Fractal Design Define R6 Mid-Tower Chassis
Looking at the front of the chassis is screams Fractal Design and Define. A very thin plastic bezel surrounds the sheet of unobstructed blushed aluminum. There is a thin slit at the top which exposed the HDD activity LED and at the bottom we see reflections of the natural aluminum feet.
Fresh out of the box, the front panel opens to the left, but keep in mind that with a little time and a Phillips screwdriver, the door swing can be reversed. Inside of the panel we see a use of industrial sound dampening material, on the front of the chassis we find a removable bay cover at the top and louvers in front of the fans.
At the top of the front bezel, we locate the front I/O panel. In it, we see the pair of HD Audio jacks and the reset button to the left of the highly stylized power button and power LED ring around it. To the right of those, we find the pair of USB 2.0 ports and those for use with USB 3.0 devices.
As shipped, the Define R6 has a closed top. By this, we mean to say that the panel in the middle of all that steel is also covered with a removable steel panel. This panel is backed with more industrial sound absorbing material, but the cover, as well as the entire inset section, is removable.
We want to make mention of the ventilation offered down the side of the front bezel, but as for the rest, it is more about what you don't see than what you do see. While Fractal Design does a terrific job with the trim paint inside of the tempered glass panel, we will point out that we are not seeing four thumbscrews holding it on. Fractal Design rethought the idea and had come up with a very pleasing result.
At the back of the Define R6, we must first point out the button at the top, which releases the top inset panel. We then see the rear I/O and exhaust areas filling the rest of the top section. Just below, we see seven horizontal expansion slots as well as a pair which are vertical. At the bottom is where the PSU resides but is installed through the back and uses the PSU mounting plate seen there.

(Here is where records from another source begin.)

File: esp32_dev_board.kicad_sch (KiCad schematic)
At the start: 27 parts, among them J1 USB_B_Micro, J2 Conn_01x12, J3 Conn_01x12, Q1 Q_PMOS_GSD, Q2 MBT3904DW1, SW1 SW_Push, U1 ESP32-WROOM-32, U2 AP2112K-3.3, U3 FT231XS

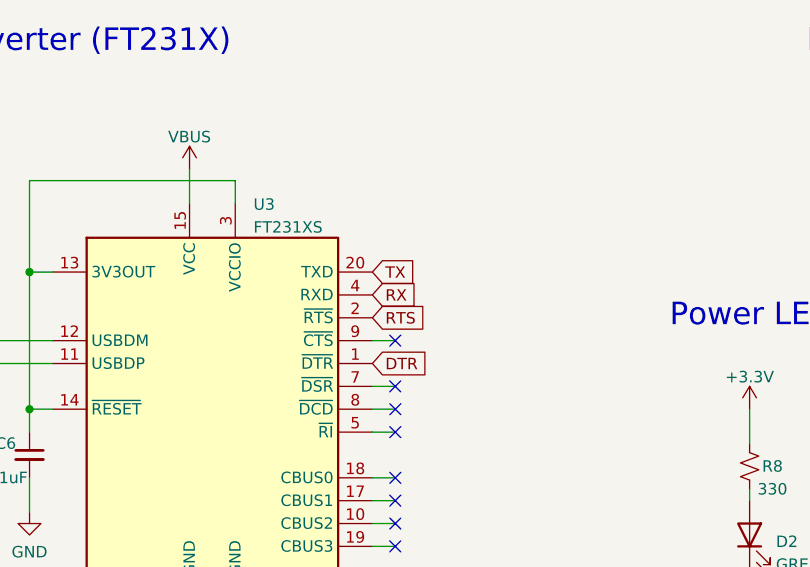
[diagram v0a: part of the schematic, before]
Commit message: Change global labels TX and RX to TX0 and RX0
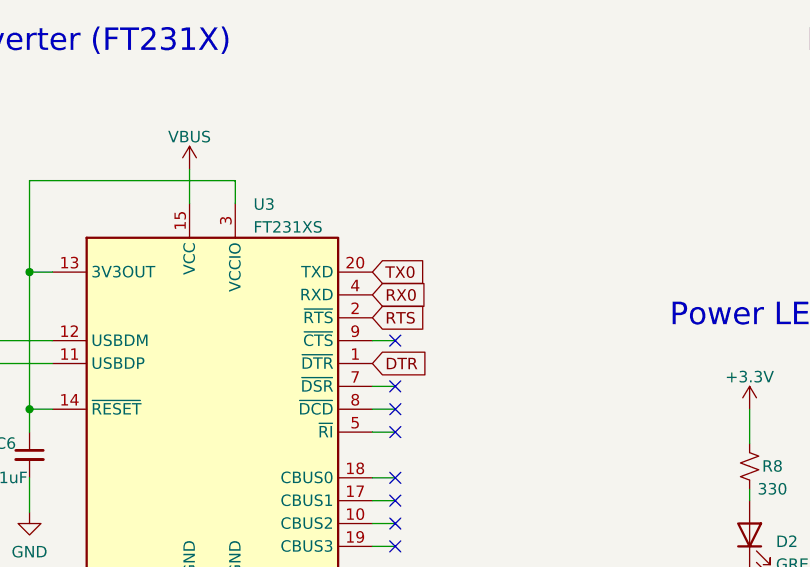
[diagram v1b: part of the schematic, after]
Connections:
- net RX is gone; now on net RX0: U3.4 (RXD)
- net TX is gone; now on net TX0: U3.20 (TXD)
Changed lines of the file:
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@@
     )
   )
-  (global_label "RX" (shape input) (at 181.61 55.88 0) (fields_autoplaced)
+  (global_label "RX0" (shape input) (at 181.61 55.88 0) (fields_autoplaced)
     (effects (font (size 1.27 1.27)) (justify left))
-    (property "Intersheet References" "${INTERSHEET_REFS}" (id 0) (at 186.5026 55.8006 0)
+    (property "Intersheet References" "${INTERSHEET_REFS}" (id 0) (at 187.7121 55.8006 0)
       (effects (font (size 1.27 1.27)) (justify left) hide)
     )
@@
     )
   )
-  (global_label "TX" (shape input) (at 181.61 53.34 0) (fields_autoplaced)
+  (global_label "TX0" (shape input) (at 181.61 53.34 0) (fields_autoplaced)
     (effects (font (size 1.27 1.27)) (justify left))
-    (property "Intersheet References" "${INTERSHEET_REFS}" (id 0) (at 186.2002 53.2606 0)
+    (property "Intersheet References" "${INTERSHEET_REFS}" (id 0) (at 187.4098 53.2606 0)
       (effects (font (size 1.27 1.27)) (justify left) hide)
     )

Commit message: Add silkscreen, round corners, and small fixes
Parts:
- added C7: 1uF, Capacitor_SMD:C_0805_2012Metric_Pad1.18x1.45mm_HandSolder, symbol Device:C_Small
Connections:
- net GND: now also C7.2
- net VIN: now also C7.1
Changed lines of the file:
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@@
   (junction (at 151.13 162.56) (diameter 0) (color 0 0 0 0)
+  )
+  (junction (at 44.45 149.86) (diameter 0) (color 0 0 0 0)
   )
   (no_connect (at 71.12 54.61))
@@
   (no_connect (at 33.02 92.71))
   (no_connect (at 33.02 90.17))
+  (wire (pts (xy 68.58 52.07) (xy 67.31 52.07))
+    (stroke (width 0) (type default) (color 0 0 0 0))
+  )
   (wire (pts (xy 233.68 39.37) (xy 233.68 43.18))
     (stroke (width 0) (type default) (color 0 0 0 0))
@@
     (stroke (width 0) (type default) (color 0 0 0 0))
   )
+  (wire (pts (xy 21.59 176.53) (xy 21.59 180.34))
+    (stroke (width 0) (type default) (color 0 0 0 0))
+  )
   (wire (pts (xy 33.02 85.09) (xy 36.83 85.09))
     (stroke (width 0) (type default) (color 0 0 0 0))
@@
     (stroke (width 0) (type default) (color 0 0 0 0))
   )
-  (wire (pts (xy 29.21 149.86) (xy 29.21 158.75))
+  (wire (pts (xy 29.21 156.21) (xy 29.21 158.75))
     (stroke (width 0) (type default) (color 0 0 0 0))
   )
@@
     (stroke (width 0) (type default) (color 0 0 0 0))
   )
+  (wire (pts (xy 21.59 149.86) (xy 44.45 149.86))
+    (stroke (width 0) (type default) (color 0 0 0 0))
+  )
   (wire (pts (xy 44.45 168.91) (xy 58.42 168.91))
     (stroke (width 0) (type default) (color 0 0 0 0))
@@
     (stroke (width 0) (type default) (color 0 0 0 0))
   )
+  (wire (pts (xy 68.58 49.53) (xy 67.31 49.53))
+    (stroke (width 0) (type default) (color 0 0 0 0))
+  )
   (wire (pts (xy 151.13 172.72) (xy 151.13 162.56))
     (stroke (width 0) (type default) (color 0 0 0 0))
@@
   )
   (wire (pts (xy 138.43 63.5) (xy 146.05 63.5))
+    (stroke (width 0) (type default) (color 0 0 0 0))
+  )
+  (wire (pts (xy 21.59 171.45) (xy 21.59 149.86))
     (stroke (width 0) (type default) (color 0 0 0 0))
   )
@@
     )
   )
-  (global_label "GPIO0" (shape input) (at 67.31 49.53 0) (fields_autoplaced)
-    (effects (font (size 1.27 1.27)) (justify left))
-    (property "Intersheet References" "${INTERSHEET_REFS}" (id 0) (at 75.4079 49.4506 0)
+  (global_label "GPIO0" (shape input) (at 68.58 49.53 0) (fields_autoplaced)
+    (effects (font (size 1.27 1.27)) (justify left))
+    (property "Intersheet References" "${INTERSHEET_REFS}" (id 0) (at 76.6779 49.4506 0)
       (effects (font (size 1.27 1.27)) (justify left) hide)
     )
@@
     )
   )
-  (global_label "TX0" (shape input) (at 67.31 52.07 0) (fields_autoplaced)
-    (effects (font (size 1.27 1.27)) (justify left))
-    (property "Intersheet References" "${INTERSHEET_REFS}" (id 0) (at 73.1098 51.9906 0)
+  (global_label "TX0" (shape input) (at 68.58 52.07 0) (fields_autoplaced)
+    (effects (font (size 1.27 1.27)) (justify left))
+    (property "Intersheet References" "${INTERSHEET_REFS}" (id 0) (at 74.3798 51.9906 0)
       (effects (font (size 1.27 1.27)) (justify left) hide)
     )
@@
     )
     (property "Datasheet" "" (id 3) (at 270.51 156.21 0)
+      (effects (font (size 1.27 1.27)) hide)
+    )
+    (pin "1")
+  )
+  (symbol (lib_id "power:GND") (at 21.59 180.34 0) (unit 1)
+    (in_bom yes) (on_board yes) (fields_autoplaced)
+    (property "Reference" "#PWR024" (id 0) (at 21.59 186.69 0)
+      (effects (font (size 1.27 1.27)) hide)
+    )
+    (property "Value" "GND" (id 1) (at 21.59 184.7834 0))
+    (property "Footprint" "" (id 2) (at 21.59 180.34 0)
+      (effects (font (size 1.27 1.27)) hide)
+    )
+    (property "Datasheet" "" (id 3) (at 21.59 180.34 0)
       (effects (font (size 1.27 1.27)) hide)
     )
@@
     (pin "2")
   )
+  (symbol (lib_id "Device:C_Small") (at 21.59 173.99 0) (unit 1)
+    (in_bom yes) (on_board yes)
+    (property "Reference" "C7" (id 0) (at 16.51 175.26 0)
+      (effects (font (size 1.27 1.27)) (justify left))
+    )
+    (property "Value" "1uF" (id 1) (at 16.51 177.8 0)
+      (effects (font (size 1.27 1.27)) (justify left))
+    )
+    (property "Footprint" "Capacitor_SMD:C_0805_2012Metric_Pad1.18x1.45mm_HandSolder" (id 2) (at 21.59 173.99 0)
+      (effects (font (size 1.27 1.27)) hide)
+    )
+    (property "Datasheet" "~" (id 3) (at 21.59 173.99 0)
+      (effects (font (size 1.27 1.27)) hide)
+    )
+    (pin "1")
+    (pin "2")
+  )
   (symbol (lib_id "power:GND") (at 66.04 180.34 0) (unit 1)
     (in_bom yes) (on_board yes) (fields_autoplaced)
@@
     (pin "1")
   )
-  (symbol (lib_id "power:VBUS") (at 29.21 149.86 0) (unit 1)
-    (in_bom yes) (on_board yes) (fields_autoplaced)
-    (property "Reference" "#PWR01" (id 0) (at 29.21 153.67 0)
-      (effects (font (size 1.27 1.27)) hide)
-    )
-    (property "Value" "VBUS" (id 1) (at 29.21 146.2842 0))
-    (property "Footprint" "" (id 2) (at 29.21 149.86 0)
-      (effects (font (size 1.27 1.27)) hide)
-    )
-    (property "Datasheet" "" (id 3) (at 29.21 149.86 0)
+  (symbol (lib_id "power:VBUS") (at 29.21 156.21 0) (unit 1)
+    (in_bom yes) (on_board yes)
+    (property "Reference" "#PWR01" (id 0) (at 29.21 160.02 0)
+      (effects (font (size 1.27 1.27)) hide)
+    )
+    (property "Value" "VBUS" (id 1) (at 29.21 152.4 0))
+    (property "Footprint" "" (id 2) (at 29.21 156.21 0)
+      (effects (font (size 1.27 1.27)) hide)
+    )
+    (property "Datasheet" "" (id 3) (at 29.21 156.21 0)
       (effects (font (size 1.27 1.27)) hide)
     )
@@
       (reference "#PWR023") (unit 1) (value "GND") (footprint "")
     )
+    (path "/43dd37ed-ec03-48c6-b286-66c81e1fab72"
+      (reference "#PWR024") (unit 1) (value "GND") (footprint "")
+    )
     (path "/3f4b71e4-2445-4d0d-b154-9c9af62cd76e"
       (reference "C1") (unit 1) (value "1uF") (footprint "Capacitor_SMD:C_0805_2012Metric_Pad1.18x1.45mm_HandSolder")
@@
       (reference "C6") (unit 1) (value "0.1uF") (footprint "Capacitor_SMD:C_0805_2012Metric_Pad1.18x1.45mm_HandSolder")
     )
+    (path "/60a0fca1-9286-4820-ae51-67d1b248f51e"
+      (reference "C7") (unit 1) (value "1uF") (footprint "Capacitor_SMD:C_0805_2012Metric_Pad1.18x1.45mm_HandSolder")
+    )
     (path "/a979677f-6ca5-4860-bd71-7214e30244d3"

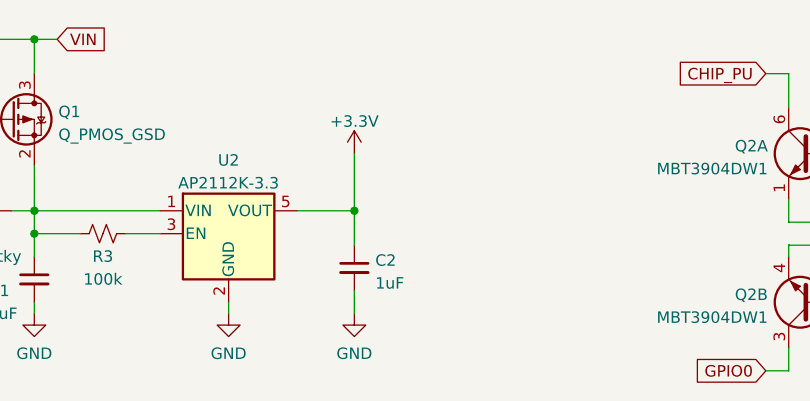
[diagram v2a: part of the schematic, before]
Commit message: Change C2 value and add back silkscreen
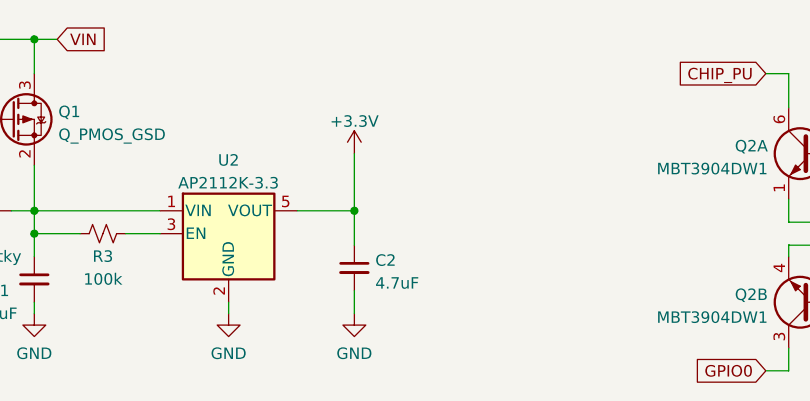
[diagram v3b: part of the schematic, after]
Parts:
- C2: value 1uF -> 4.7uF
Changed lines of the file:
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@@
       (effects (font (size 1.27 1.27)) (justify left))
     )
-    (property "Value" "1uF" (id 1) (at 82.3341 176.9685 0)
+    (property "Value" "4.7uF" (id 1) (at 82.3341 176.9685 0)
       (effects (font (size 1.27 1.27)) (justify left))
     )
@@
     )
     (path "/eb8e7f55-f965-4a34-94e5-32545086e3d6"
-      (reference "C2") (unit 1) (value "1uF") (footprint "Capacitor_SMD:C_0805_2012Metric_Pad1.18x1.45mm_HandSolder")
+      (reference "C2") (unit 1) (value "4.7uF") (footprint "Capacitor_SMD:C_0805_2012Metric_Pad1.18x1.45mm_HandSolder")
     )
     (path "/5467467e-0542-42da-902e-a472b0e9d541"

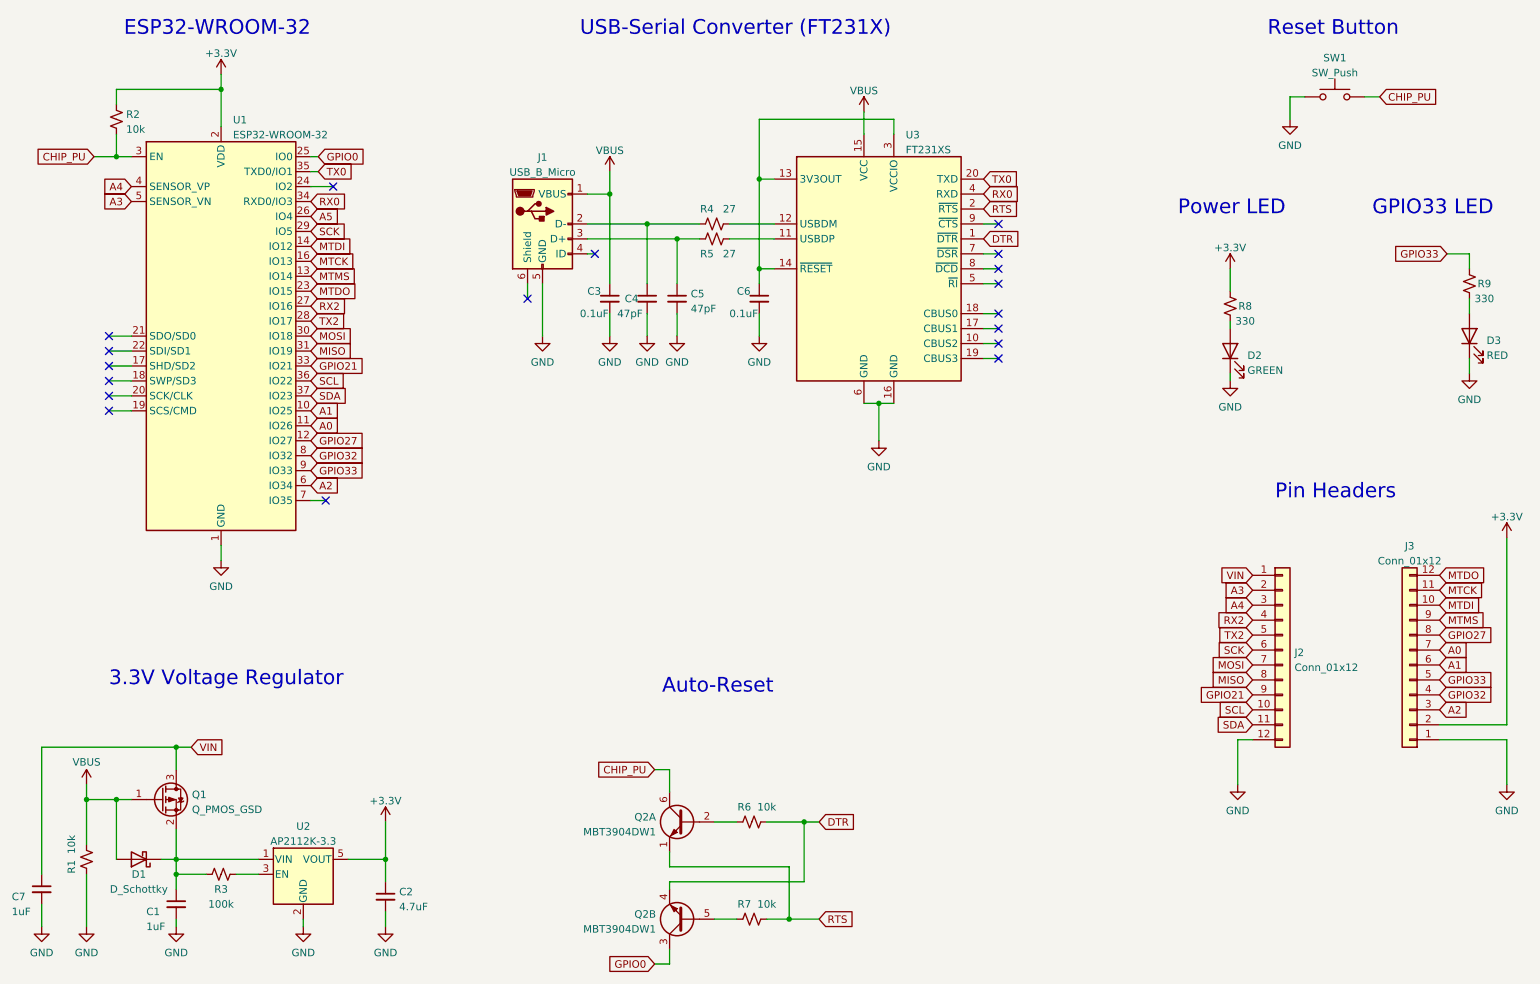
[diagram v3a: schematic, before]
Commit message: Fix serial connection between ESP32 and FT231X
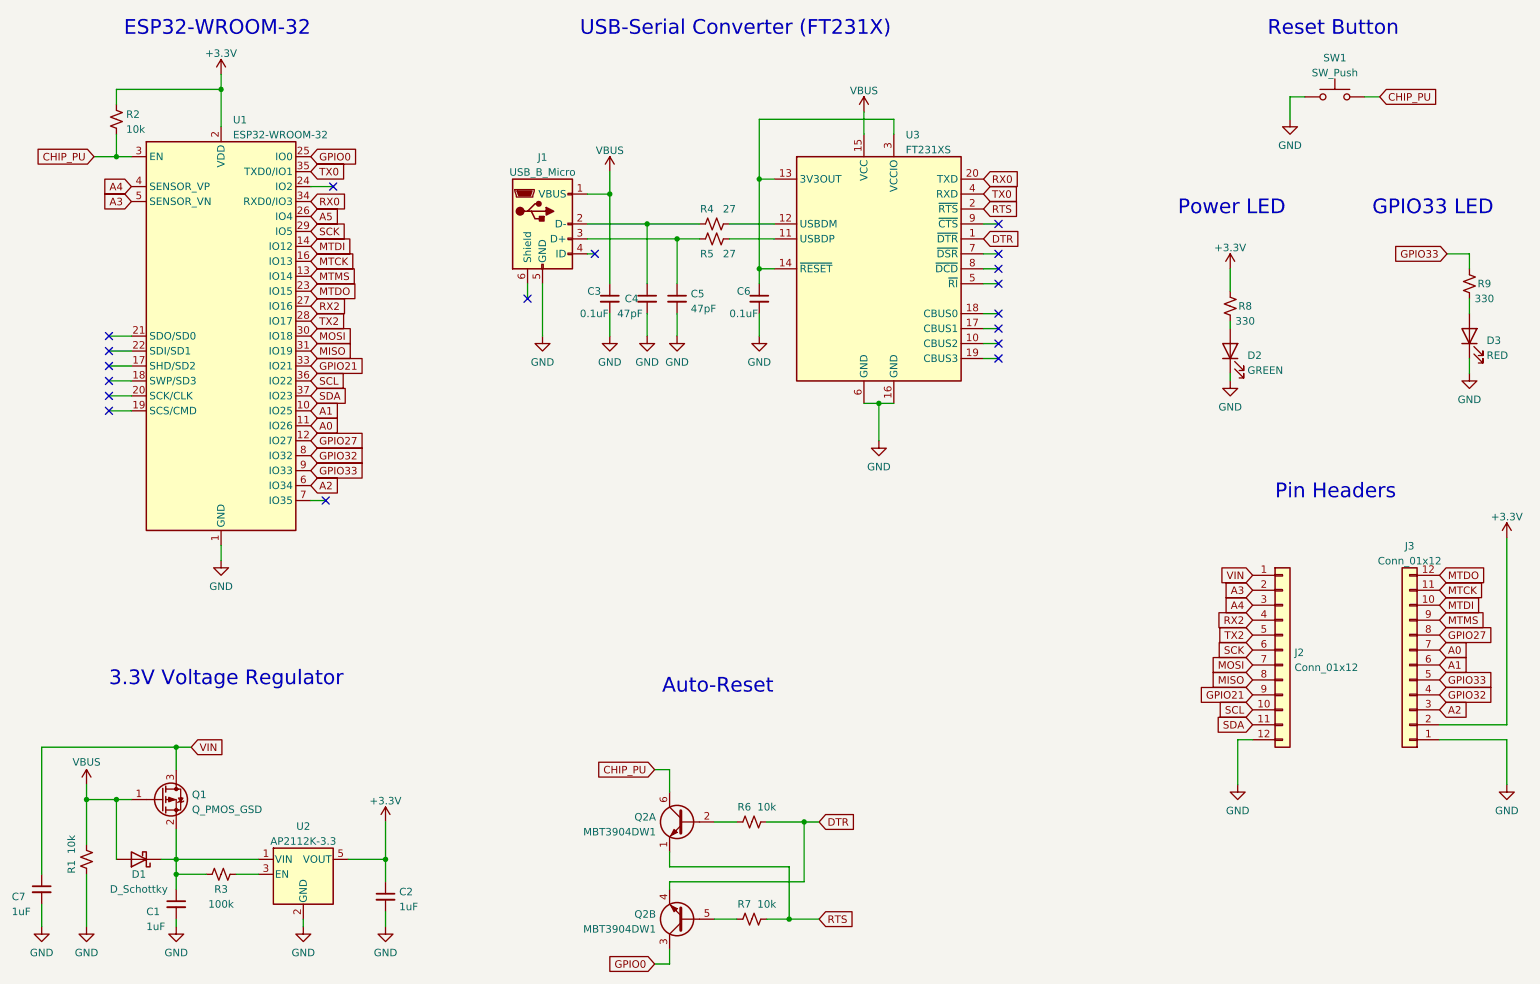
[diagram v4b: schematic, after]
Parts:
- C2: value 4.7uF -> 1uF
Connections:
- net RX0: now also U3.20 (TXD); no longer U3.4 (RXD)
- net TX0: now also U3.4 (RXD); no longer U3.20 (TXD)
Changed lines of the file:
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@@
   (no_connect (at 33.02 92.71))
   (no_connect (at 33.02 90.17))
-  (wire (pts (xy 68.58 52.07) (xy 67.31 52.07))
-    (stroke (width 0) (type default) (color 0 0 0 0))
-  )
   (wire (pts (xy 233.68 39.37) (xy 233.68 43.18))
     (stroke (width 0) (type default) (color 0 0 0 0))
@@
   )
   (wire (pts (xy 259.08 146.05) (xy 270.51 146.05))
-    (stroke (width 0) (type default) (color 0 0 0 0))
-  )
-  (wire (pts (xy 68.58 49.53) (xy 67.31 49.53))
     (stroke (width 0) (type default) (color 0 0 0 0))
   )
@@
     )
   )
-  (global_label "GPIO0" (shape input) (at 68.58 49.53 0) (fields_autoplaced)
-    (effects (font (size 1.27 1.27)) (justify left))
-    (property "Intersheet References" "${INTERSHEET_REFS}" (id 0) (at 76.6779 49.4506 0)
+  (global_label "GPIO0" (shape input) (at 67.31 49.53 0) (fields_autoplaced)
+    (effects (font (size 1.27 1.27)) (justify left))
+    (property "Intersheet References" "${INTERSHEET_REFS}" (id 0) (at 75.4079 49.4506 0)
       (effects (font (size 1.27 1.27)) (justify left) hide)
     )
@@
     )
   )
-  (global_label "RX0" (shape input) (at 181.61 55.88 0) (fields_autoplaced)
-    (effects (font (size 1.27 1.27)) (justify left))
-    (property "Intersheet References" "${INTERSHEET_REFS}" (id 0) (at 187.7121 55.8006 0)
+  (global_label "RX0" (shape input) (at 181.61 53.34 0) (fields_autoplaced)
+    (effects (font (size 1.27 1.27)) (justify left))
+    (property "Intersheet References" "${INTERSHEET_REFS}" (id 0) (at 187.7121 53.2606 0)
       (effects (font (size 1.27 1.27)) (justify left) hide)
     )
@@
     )
   )
-  (global_label "TX0" (shape input) (at 181.61 53.34 0) (fields_autoplaced)
-    (effects (font (size 1.27 1.27)) (justify left))
-    (property "Intersheet References" "${INTERSHEET_REFS}" (id 0) (at 187.4098 53.2606 0)
-      (effects (font (size 1.27 1.27)) (justify left) hide)
-    )
-  )
-  (global_label "TX0" (shape input) (at 68.58 52.07 0) (fields_autoplaced)
-    (effects (font (size 1.27 1.27)) (justify left))
-    (property "Intersheet References" "${INTERSHEET_REFS}" (id 0) (at 74.3798 51.9906 0)
+  (global_label "TX0" (shape input) (at 181.61 55.88 0) (fields_autoplaced)
+    (effects (font (size 1.27 1.27)) (justify left))
+    (property "Intersheet References" "${INTERSHEET_REFS}" (id 0) (at 187.4098 55.8006 0)
+      (effects (font (size 1.27 1.27)) (justify left) hide)
+    )
+  )
+  (global_label "TX0" (shape input) (at 67.31 52.07 0) (fields_autoplaced)
+    (effects (font (size 1.27 1.27)) (justify left))
+    (property "Intersheet References" "${INTERSHEET_REFS}" (id 0) (at 73.1098 51.9906 0)
       (effects (font (size 1.27 1.27)) (justify left) hide)
     )
@@
       (effects (font (size 1.27 1.27)) (justify left))
     )
-    (property "Value" "4.7uF" (id 1) (at 82.3341 176.9685 0)
+    (property "Value" "1uF" (id 1) (at 82.3341 176.9685 0)
       (effects (font (size 1.27 1.27)) (justify left))
     )
@@
     )
     (path "/eb8e7f55-f965-4a34-94e5-32545086e3d6"
-      (reference "C2") (unit 1) (value "4.7uF") (footprint "Capacitor_SMD:C_0805_2012Metric_Pad1.18x1.45mm_HandSolder")
+      (reference "C2") (unit 1) (value "1uF") (footprint "Capacitor_SMD:C_0805_2012Metric_Pad1.18x1.45mm_HandSolder")
     )
     (path "/5467467e-0542-42da-902e-a472b0e9d541"

The right side of the chassis is a solid steel panel and is also what we assume the left side panel would look like if not opting for the TG Edition of the Define R6. Currently, thumbscrews hold both panels for shipping, but once you have it, you don't have to use these if you wish. Both doors open like they are on a car, and since "hinged" at the front, Fractal installed metal balls and sockets which can be used to hold the panels closed, while allowing easier access down the road.
Four round legs are used, internally made of plastic, with a polished metallic outer covering, and rubber feet used for grip. Four plastic brackets hold the dust filter in place, and this filter is removable from the front of the chassis. Also note, the top right dust cover bracket has holes in it, which allows access to screws holding in the drive bay support plate.